From February to July 2013, I was a TaLK for SUNY scholar. I was placed in Jeollabukdo province, and lived in the city of Jeonju while teaching in the smaller town of Gimje. In some respects, I was lucky: My “one room” studio was merely five minutes’ walk away from Jeonju University (colloquially known as “Bukdae”), the center of college life. On the other hand, my commute was also among the most time-consuming and expensive: I spent on average three hours and 14,000 won a day in traveling to and back from school. I did not get the shack next to the cow—but I was not fifteen minutes away from school, either.

Living in Korea is an experience.” Daily life chores and other simple tasks I took for granted suddenly became mentally challenging adventures. A simple trip to Daiso to buy laundry detergent became difficult when I realized the dictionary gave me the wrong word. Approaching random stores asking where I could buy a clothes drying rack turned into a miming demonstration with lots of stares. Taxi drivers making small talk asked me questions I couldn’t answer; buses that stopped at foreign destinations without announcing their names before moving on caused me mild despair. Blank looks, google translate, and helpless laughter became my consistently standard form of communication as I slowly adjusted to a life where English was taught in schools, but hardly used outside of them.
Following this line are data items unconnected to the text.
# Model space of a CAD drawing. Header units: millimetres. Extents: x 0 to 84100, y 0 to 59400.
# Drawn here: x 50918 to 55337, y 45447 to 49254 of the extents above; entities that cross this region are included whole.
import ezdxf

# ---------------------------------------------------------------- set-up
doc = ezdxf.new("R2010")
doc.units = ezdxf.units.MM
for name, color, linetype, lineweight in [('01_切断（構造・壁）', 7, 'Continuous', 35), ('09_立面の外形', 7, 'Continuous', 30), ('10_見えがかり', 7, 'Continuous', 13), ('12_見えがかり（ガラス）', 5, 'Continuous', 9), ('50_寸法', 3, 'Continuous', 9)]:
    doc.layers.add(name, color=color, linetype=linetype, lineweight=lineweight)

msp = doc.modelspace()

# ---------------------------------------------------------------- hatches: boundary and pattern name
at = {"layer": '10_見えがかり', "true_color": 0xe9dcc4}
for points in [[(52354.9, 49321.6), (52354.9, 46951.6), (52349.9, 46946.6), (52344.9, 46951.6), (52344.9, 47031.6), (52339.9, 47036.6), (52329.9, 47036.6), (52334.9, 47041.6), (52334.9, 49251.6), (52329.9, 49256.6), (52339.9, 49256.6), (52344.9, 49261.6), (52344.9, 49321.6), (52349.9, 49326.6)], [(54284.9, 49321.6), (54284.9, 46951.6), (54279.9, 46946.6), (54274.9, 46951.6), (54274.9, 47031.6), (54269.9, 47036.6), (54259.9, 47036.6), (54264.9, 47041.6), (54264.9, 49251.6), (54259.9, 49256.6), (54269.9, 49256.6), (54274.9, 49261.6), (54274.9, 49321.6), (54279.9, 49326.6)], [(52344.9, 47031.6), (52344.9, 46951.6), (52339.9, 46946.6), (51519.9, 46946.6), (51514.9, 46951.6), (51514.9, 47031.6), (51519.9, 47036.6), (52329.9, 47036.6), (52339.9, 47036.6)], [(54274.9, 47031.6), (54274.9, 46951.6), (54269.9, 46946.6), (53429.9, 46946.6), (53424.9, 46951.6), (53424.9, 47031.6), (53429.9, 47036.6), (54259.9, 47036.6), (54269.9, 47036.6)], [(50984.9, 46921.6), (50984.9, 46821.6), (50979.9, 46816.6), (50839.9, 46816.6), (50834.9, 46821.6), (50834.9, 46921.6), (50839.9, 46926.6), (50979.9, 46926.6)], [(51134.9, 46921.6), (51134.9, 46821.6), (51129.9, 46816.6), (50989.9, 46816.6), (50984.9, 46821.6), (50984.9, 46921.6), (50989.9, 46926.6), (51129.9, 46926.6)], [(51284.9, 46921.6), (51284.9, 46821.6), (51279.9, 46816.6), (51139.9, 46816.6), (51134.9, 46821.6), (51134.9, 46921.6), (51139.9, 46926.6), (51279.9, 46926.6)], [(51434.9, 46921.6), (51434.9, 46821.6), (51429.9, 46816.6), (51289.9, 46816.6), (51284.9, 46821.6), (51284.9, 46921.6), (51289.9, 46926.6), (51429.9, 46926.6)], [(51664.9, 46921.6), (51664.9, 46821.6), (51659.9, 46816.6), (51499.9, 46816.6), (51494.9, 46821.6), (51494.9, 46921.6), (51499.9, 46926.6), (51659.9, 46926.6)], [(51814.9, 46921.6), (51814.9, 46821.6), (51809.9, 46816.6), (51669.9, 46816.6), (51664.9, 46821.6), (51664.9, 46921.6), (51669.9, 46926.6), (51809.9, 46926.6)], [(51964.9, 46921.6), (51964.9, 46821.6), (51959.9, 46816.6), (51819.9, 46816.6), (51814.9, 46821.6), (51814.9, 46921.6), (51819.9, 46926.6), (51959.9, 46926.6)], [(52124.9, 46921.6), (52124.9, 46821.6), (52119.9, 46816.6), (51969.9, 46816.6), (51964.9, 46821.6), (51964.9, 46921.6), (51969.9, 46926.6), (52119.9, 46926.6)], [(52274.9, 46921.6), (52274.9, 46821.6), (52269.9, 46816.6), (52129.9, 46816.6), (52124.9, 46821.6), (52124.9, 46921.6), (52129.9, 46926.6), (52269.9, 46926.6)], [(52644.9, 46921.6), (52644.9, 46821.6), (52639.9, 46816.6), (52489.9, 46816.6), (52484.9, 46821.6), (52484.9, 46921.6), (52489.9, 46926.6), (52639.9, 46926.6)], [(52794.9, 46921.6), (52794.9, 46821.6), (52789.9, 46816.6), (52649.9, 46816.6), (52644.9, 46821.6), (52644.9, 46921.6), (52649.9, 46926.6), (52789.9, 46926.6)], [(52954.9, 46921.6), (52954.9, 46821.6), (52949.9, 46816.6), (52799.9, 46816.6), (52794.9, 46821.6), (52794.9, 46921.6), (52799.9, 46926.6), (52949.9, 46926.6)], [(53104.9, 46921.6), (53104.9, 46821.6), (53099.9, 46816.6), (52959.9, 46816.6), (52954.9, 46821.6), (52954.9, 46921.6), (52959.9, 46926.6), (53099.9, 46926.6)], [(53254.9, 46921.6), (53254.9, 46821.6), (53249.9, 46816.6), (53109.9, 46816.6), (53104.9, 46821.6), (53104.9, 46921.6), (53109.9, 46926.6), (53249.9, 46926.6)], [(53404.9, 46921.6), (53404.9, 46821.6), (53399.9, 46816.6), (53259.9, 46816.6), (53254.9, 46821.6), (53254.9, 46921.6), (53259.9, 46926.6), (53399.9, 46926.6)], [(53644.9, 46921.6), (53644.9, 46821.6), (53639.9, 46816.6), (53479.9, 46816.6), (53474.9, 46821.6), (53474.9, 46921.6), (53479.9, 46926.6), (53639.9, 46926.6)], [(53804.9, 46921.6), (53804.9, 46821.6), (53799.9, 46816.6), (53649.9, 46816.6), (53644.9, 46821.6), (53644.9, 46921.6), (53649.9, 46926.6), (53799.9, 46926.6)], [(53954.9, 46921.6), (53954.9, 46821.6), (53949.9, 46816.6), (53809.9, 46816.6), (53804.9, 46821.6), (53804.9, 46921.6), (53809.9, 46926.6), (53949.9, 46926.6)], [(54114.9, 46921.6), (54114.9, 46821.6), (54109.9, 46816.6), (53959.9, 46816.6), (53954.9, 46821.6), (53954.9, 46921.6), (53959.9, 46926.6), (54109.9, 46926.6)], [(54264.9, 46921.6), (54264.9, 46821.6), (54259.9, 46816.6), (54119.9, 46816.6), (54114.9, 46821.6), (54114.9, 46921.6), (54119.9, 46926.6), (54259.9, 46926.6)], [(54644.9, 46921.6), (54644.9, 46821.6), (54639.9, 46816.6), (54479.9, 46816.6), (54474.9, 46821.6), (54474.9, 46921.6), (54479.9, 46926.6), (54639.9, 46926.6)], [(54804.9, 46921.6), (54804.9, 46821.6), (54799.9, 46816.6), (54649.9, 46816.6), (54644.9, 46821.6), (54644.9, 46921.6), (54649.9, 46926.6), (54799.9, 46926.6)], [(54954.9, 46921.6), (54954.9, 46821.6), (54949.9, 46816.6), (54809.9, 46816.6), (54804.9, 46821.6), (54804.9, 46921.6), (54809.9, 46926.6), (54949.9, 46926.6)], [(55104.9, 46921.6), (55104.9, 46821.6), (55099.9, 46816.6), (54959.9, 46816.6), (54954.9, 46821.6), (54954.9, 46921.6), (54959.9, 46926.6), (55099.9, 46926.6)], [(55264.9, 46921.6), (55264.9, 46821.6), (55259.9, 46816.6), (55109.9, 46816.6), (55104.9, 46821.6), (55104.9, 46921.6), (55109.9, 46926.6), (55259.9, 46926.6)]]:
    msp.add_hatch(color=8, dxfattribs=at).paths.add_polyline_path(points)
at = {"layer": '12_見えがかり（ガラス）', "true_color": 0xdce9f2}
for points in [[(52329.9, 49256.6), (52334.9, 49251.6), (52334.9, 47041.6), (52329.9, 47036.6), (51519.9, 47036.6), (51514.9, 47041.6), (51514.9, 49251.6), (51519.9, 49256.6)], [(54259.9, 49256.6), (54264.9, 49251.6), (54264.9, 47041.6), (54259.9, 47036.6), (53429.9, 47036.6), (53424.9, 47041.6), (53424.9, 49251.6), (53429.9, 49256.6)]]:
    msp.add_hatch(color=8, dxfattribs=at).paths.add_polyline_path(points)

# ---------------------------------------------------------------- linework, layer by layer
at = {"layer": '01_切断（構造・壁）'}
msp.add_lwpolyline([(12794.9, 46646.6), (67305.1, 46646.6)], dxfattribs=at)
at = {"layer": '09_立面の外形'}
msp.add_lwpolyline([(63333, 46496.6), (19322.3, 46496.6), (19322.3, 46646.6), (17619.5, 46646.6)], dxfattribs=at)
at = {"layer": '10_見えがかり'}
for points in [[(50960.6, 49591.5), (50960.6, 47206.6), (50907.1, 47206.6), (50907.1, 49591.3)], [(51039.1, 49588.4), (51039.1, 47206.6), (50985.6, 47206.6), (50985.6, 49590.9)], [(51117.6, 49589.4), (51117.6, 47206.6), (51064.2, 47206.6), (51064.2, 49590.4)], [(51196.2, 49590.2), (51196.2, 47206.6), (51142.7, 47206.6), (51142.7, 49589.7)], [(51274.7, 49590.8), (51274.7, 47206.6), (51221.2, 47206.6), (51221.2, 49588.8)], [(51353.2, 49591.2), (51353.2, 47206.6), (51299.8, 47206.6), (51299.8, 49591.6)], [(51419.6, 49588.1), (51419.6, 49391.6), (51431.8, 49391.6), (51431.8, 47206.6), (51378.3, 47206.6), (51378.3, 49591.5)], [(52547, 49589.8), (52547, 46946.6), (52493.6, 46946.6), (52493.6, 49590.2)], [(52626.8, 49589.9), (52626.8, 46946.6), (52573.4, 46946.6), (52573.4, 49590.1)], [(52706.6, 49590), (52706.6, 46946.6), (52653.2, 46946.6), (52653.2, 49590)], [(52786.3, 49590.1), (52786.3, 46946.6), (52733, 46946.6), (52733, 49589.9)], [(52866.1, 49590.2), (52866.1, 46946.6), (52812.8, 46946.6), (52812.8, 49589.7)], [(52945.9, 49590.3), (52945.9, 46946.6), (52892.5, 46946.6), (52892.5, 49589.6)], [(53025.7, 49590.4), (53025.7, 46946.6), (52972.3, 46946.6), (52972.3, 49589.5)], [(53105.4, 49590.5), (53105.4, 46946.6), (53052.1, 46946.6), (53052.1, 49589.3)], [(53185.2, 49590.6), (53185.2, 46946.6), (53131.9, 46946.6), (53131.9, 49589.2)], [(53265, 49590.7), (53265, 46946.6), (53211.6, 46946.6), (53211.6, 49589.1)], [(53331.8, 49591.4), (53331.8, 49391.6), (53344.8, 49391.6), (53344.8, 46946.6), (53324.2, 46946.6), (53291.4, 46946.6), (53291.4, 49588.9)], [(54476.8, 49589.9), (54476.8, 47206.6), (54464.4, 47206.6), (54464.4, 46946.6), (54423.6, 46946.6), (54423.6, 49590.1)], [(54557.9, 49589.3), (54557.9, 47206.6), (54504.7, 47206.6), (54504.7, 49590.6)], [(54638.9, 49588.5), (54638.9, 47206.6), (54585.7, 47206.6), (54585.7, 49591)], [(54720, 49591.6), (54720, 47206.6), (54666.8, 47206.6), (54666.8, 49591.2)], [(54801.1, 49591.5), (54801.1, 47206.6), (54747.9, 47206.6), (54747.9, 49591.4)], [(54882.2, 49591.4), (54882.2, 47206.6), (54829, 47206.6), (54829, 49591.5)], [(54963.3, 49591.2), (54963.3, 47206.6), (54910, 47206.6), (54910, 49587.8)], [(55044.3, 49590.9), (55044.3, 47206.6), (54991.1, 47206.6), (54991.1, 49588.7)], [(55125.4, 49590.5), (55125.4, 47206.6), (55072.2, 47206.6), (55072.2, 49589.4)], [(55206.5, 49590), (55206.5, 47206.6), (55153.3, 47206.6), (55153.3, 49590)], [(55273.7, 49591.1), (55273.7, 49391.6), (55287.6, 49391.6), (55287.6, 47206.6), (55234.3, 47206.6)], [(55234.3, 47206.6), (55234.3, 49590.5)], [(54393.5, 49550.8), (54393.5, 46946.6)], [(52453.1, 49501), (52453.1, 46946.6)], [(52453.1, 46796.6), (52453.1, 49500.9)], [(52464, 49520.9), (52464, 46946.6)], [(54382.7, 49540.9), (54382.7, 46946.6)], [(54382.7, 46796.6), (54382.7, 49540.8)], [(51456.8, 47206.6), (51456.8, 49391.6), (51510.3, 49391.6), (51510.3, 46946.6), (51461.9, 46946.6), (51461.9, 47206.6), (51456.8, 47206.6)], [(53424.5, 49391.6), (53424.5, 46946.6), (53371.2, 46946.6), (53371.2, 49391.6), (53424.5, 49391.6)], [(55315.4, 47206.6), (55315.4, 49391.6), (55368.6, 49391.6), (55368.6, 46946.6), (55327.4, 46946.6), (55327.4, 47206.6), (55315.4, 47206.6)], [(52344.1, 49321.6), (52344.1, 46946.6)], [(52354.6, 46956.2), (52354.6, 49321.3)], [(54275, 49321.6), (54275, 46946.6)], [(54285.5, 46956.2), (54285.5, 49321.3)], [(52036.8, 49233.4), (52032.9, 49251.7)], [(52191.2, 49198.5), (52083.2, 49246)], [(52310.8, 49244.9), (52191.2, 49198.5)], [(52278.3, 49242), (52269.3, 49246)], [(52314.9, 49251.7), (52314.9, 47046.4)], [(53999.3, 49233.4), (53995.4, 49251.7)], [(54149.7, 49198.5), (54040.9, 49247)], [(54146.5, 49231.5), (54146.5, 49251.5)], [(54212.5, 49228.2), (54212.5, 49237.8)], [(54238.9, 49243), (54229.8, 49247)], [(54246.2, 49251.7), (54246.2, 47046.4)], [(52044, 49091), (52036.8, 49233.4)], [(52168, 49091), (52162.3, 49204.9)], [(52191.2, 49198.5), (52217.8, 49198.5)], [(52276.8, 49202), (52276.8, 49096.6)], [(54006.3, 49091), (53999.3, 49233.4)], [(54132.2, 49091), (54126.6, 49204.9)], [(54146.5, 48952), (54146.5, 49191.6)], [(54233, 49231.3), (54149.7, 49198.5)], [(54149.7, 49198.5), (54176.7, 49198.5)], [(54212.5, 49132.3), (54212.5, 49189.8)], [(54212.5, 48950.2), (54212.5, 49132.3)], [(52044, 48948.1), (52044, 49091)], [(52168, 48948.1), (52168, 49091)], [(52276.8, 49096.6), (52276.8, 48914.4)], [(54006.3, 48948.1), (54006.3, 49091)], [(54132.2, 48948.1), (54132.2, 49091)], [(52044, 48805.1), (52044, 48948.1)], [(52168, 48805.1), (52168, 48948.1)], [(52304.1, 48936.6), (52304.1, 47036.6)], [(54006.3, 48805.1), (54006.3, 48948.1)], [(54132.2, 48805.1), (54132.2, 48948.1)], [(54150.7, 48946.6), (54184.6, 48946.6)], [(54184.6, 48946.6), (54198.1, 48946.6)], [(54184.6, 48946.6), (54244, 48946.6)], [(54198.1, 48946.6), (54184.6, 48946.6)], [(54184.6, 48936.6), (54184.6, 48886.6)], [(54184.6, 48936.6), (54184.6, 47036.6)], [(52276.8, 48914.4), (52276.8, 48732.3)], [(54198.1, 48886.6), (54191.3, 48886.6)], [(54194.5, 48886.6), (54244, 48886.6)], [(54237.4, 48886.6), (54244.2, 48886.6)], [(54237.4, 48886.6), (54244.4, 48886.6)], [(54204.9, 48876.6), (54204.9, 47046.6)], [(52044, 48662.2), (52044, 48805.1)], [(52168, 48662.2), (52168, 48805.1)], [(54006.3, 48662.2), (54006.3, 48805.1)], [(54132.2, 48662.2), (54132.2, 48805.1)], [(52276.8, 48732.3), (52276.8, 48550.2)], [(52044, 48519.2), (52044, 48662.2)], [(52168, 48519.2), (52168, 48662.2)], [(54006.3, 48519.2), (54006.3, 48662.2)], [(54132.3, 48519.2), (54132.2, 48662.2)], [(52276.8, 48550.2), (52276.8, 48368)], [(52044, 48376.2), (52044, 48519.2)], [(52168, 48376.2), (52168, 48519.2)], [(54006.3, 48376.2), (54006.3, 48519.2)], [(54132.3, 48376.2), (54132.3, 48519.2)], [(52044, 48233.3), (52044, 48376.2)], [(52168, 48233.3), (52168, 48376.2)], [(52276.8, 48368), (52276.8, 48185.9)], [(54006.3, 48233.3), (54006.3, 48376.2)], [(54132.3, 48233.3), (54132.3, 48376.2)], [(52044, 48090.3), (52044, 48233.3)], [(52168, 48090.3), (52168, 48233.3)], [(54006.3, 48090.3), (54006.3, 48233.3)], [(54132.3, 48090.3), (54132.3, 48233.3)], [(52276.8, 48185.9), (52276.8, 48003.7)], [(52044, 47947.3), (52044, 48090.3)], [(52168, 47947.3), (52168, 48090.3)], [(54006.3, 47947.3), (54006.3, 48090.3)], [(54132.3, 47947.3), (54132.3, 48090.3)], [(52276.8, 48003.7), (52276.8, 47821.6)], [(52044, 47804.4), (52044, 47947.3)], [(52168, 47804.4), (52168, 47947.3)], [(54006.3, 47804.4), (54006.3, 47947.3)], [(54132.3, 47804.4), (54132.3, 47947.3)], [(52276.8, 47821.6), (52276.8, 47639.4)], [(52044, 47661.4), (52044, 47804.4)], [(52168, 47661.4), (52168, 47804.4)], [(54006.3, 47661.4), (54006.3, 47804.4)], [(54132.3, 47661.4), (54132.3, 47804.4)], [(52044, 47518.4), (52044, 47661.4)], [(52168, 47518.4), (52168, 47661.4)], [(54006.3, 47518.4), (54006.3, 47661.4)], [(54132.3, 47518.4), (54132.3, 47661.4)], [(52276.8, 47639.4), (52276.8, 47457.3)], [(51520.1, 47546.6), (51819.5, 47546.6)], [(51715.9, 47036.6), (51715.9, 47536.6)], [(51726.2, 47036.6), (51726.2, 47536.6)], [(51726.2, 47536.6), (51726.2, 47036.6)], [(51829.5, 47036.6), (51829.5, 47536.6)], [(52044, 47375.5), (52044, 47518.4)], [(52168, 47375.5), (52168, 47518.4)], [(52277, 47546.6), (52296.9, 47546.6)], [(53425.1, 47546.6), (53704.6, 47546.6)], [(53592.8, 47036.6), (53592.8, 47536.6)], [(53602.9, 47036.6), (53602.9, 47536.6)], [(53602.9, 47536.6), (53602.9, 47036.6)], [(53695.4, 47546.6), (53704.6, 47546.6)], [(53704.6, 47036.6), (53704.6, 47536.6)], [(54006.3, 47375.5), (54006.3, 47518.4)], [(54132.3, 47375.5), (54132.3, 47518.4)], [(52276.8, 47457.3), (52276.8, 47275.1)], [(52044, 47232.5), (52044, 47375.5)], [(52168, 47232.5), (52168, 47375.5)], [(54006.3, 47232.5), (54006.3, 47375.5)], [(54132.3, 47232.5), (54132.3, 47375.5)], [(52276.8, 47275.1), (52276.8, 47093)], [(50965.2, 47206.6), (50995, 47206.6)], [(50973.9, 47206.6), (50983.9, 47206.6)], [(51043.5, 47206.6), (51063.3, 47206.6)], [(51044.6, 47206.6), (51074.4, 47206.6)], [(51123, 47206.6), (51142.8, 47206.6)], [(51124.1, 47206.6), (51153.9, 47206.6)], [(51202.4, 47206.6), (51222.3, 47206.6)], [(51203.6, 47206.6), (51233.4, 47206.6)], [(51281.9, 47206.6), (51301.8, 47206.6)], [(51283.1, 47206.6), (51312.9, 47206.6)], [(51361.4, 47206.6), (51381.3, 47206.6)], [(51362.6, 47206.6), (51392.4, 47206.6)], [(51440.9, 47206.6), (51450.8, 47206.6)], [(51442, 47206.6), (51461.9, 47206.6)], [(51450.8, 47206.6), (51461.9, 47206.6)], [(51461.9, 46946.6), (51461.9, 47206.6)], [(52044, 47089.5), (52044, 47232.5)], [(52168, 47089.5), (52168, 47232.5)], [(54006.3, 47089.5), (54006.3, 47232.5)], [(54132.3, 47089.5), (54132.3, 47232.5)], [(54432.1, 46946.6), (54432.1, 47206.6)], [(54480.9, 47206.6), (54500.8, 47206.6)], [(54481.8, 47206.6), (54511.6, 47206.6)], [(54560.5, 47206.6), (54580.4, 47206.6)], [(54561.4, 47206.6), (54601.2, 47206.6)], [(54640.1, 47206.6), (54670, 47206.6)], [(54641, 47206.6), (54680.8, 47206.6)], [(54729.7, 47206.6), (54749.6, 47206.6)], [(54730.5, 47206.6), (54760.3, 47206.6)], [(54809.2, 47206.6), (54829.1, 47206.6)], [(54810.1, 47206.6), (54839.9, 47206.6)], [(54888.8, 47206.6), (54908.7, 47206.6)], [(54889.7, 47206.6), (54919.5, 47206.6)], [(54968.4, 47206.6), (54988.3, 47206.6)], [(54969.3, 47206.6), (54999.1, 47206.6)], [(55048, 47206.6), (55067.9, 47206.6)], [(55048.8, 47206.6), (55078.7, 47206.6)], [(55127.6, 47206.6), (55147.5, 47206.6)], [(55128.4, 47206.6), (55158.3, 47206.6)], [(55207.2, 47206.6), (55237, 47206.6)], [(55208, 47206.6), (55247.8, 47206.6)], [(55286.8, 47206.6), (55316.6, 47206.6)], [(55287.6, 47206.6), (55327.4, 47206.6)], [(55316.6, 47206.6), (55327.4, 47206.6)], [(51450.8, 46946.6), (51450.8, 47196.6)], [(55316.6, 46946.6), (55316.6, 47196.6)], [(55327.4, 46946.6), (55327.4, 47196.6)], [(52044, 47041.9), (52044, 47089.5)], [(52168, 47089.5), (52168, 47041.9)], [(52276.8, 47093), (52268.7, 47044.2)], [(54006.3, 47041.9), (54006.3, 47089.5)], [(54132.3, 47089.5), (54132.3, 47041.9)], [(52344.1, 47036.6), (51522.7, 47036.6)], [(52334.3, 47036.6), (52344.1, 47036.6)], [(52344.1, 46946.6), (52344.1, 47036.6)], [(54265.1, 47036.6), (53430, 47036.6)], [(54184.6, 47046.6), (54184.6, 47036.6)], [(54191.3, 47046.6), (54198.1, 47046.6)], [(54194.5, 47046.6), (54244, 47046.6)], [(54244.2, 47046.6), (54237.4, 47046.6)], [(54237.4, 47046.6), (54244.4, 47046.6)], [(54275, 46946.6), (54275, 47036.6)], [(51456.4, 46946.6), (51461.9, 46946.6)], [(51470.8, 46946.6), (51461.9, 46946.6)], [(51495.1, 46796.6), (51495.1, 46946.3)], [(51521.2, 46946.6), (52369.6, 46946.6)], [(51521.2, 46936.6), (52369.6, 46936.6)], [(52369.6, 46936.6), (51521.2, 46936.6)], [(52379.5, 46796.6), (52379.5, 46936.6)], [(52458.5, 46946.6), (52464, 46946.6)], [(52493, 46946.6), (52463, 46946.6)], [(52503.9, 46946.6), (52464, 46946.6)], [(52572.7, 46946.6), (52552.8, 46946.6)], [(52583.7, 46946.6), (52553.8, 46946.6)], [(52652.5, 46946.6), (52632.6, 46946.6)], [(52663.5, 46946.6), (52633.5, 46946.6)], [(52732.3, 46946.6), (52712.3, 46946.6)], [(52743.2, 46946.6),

“Teacher, teacher! ‘Hello Song’! ‘ABC Song’!” my first graders insisted. “Teacher, ‘Free Talk’?” my sixth graders asked. (Only in English, I would reply.) I sang and danced with the younger kids, and taught with PowerPoints peppered with K-pop references to the older grades. Even the students that stubbornly refused to learn eventually picked up phrases (“Stop shouting,” “Listen to Teacher,” and occasionally, “No swearing!”). Classes were officially divided by grade, but were unofficially further stratified by the students’ English ability, individual behavior, or willingness to learn.

It can only be as good as you make it.” Gradually, the taxi drivers started recognizing me. As soon as I stepped off the intercity bus, the crowd that waited near the terminal exit would shout, it’s the English teacher! My various shopping woes became fodder for entertaining stories to share with friends back at home. Visits to the bank, to restaurants or cafes, and to the bus terminals became not just sources of awkward laughter, but opportunities to practice my improving Korean. I found myself running around all over Korea: Seoul, Busan, Gwangju, Andong, Daegu, Suwon, Iksan, Jeju—and more. I got over the awkwardness of communal bathing at jjimjilbangs. I attended festivals, concerts, musicals. I backpacked. I traveled.

“Teacher, what did you do yesterday?” “What will we learn today?” Using only five or six words, my older students demonstrated they remembered the previous lessons on verb tense. “Color game!” “Slap game!” my younger kids begged as I walked into the classroom. My students’ simple questions and requests brought smiles to my face. Some really enjoyed learning English without realizing it, taking initiative to practice of their own accord. My students and I weren’t so different after all.

In the classroom, I was the teacher. Outside it, I became the student. I learned how to live in a foreign country by myself, explored many cities other than Seoul, and experienced firsthand the joy of imparting knowledge from the other side. All my life I had spent learning from others; having had the opportunity to give back, even just a little bit, was an honor and an experience. Teaching and learning are lifelong processes that never quite end, and Korea was the perfect place for me to combine and continue both.